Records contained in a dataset
_ _ _ _

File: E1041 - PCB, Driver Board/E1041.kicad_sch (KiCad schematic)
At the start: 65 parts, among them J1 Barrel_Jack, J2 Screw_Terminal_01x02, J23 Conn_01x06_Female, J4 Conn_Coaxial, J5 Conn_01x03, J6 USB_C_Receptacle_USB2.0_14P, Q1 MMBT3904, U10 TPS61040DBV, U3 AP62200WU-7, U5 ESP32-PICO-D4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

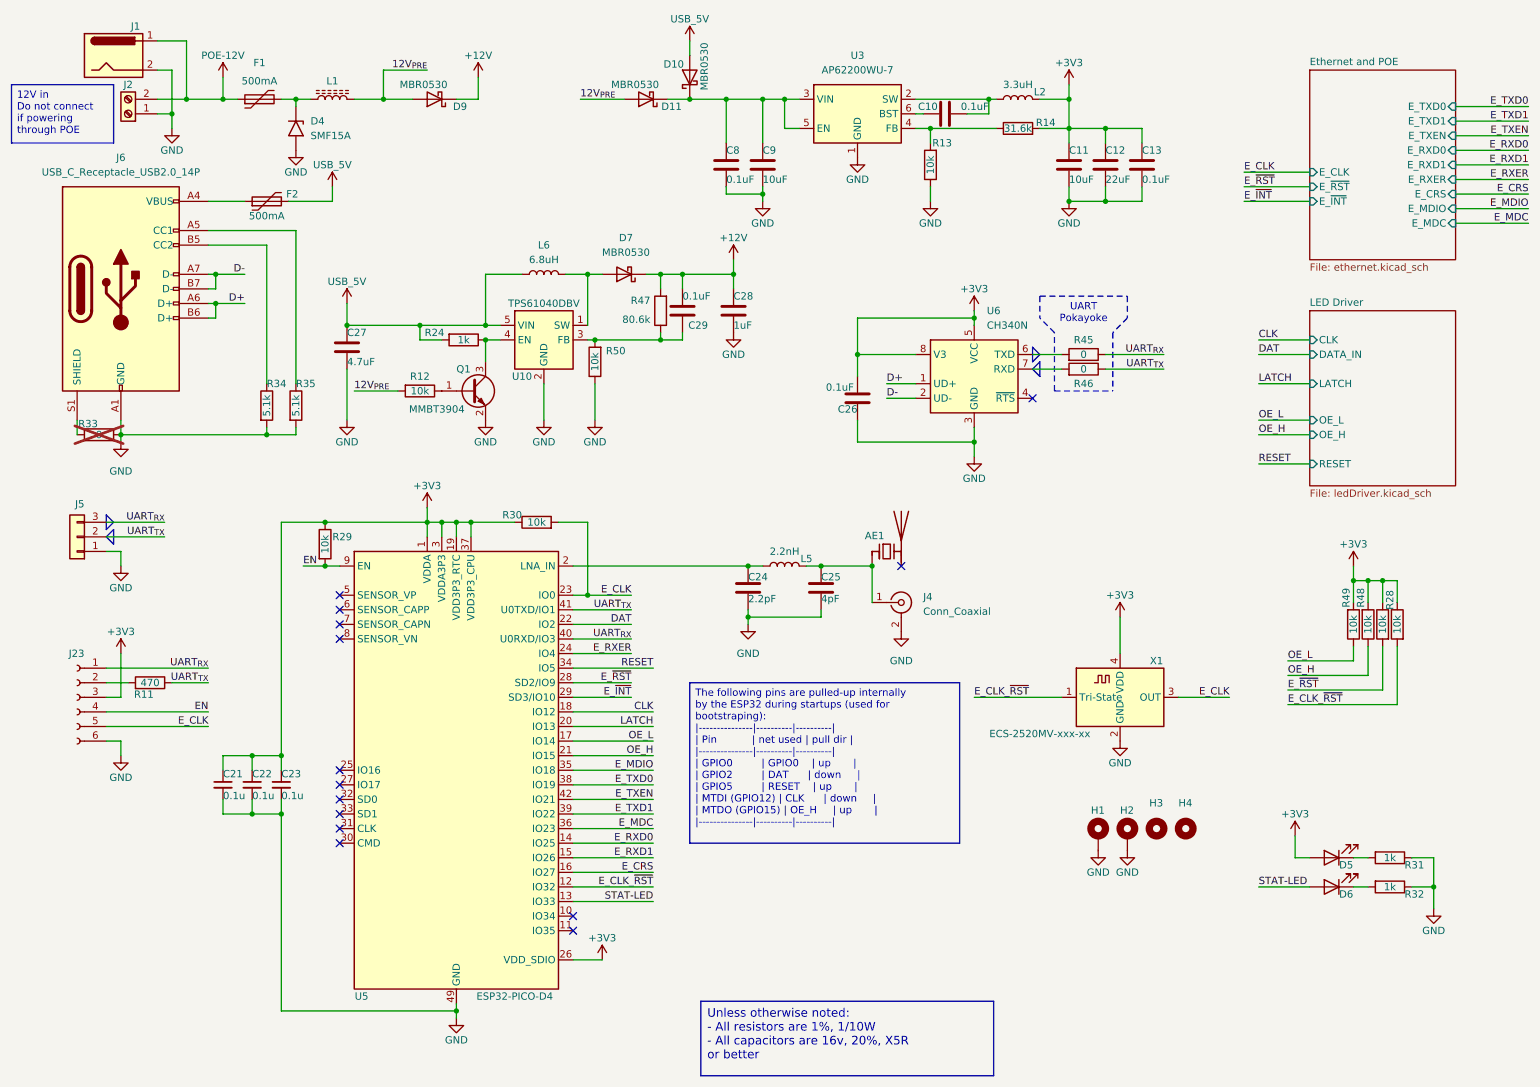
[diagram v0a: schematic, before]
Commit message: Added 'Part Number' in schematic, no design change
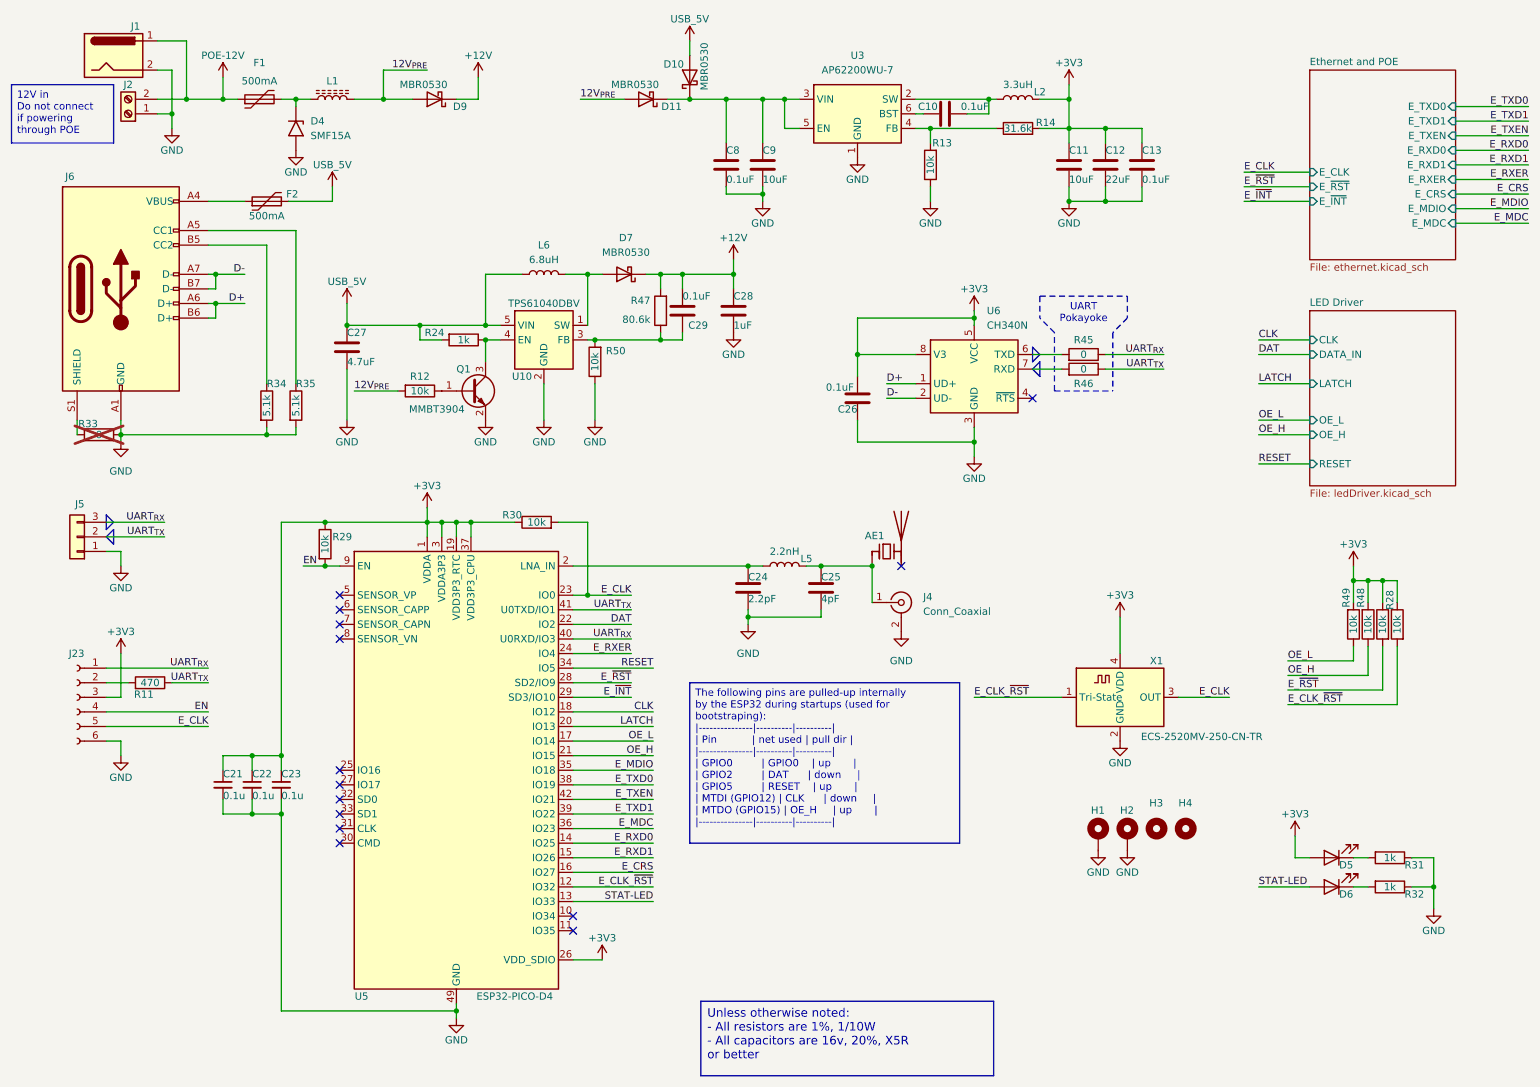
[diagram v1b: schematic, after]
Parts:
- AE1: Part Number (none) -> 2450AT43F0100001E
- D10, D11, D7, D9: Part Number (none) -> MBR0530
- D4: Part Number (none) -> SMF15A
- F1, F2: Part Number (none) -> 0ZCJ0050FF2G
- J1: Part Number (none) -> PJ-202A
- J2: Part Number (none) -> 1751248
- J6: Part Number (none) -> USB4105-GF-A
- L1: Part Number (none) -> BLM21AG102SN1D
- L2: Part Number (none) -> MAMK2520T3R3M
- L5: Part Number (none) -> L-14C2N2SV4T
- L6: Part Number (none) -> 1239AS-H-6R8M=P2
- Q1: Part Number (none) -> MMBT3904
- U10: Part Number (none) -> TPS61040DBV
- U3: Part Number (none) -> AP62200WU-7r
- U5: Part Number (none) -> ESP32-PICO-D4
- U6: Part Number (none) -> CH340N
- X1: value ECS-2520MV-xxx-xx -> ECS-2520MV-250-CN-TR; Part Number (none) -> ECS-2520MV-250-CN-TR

_ _ _ _

| WHAT IS REQUIRED |
Set down the lines of the records exactly, from the first one through the line containing "At the start: 65", and add nothing else.

| SOLUTION |
File: E1041 - PCB, Driver Board/E1041.kicad_sch (KiCad schematic)
At the start: 65 parts, among them J1 Barrel_Jack, J2 Screw_Terminal_01x02, J23 Conn_01x06_Female, J4 Conn_Coaxial, J5 Conn_01x03, J6 USB_C_Receptacle_USB2.0_14P, Q1 MMBT3904, U10 TPS61040DBV, U3 AP62200WU-7, U5 ESP32-PICO-D4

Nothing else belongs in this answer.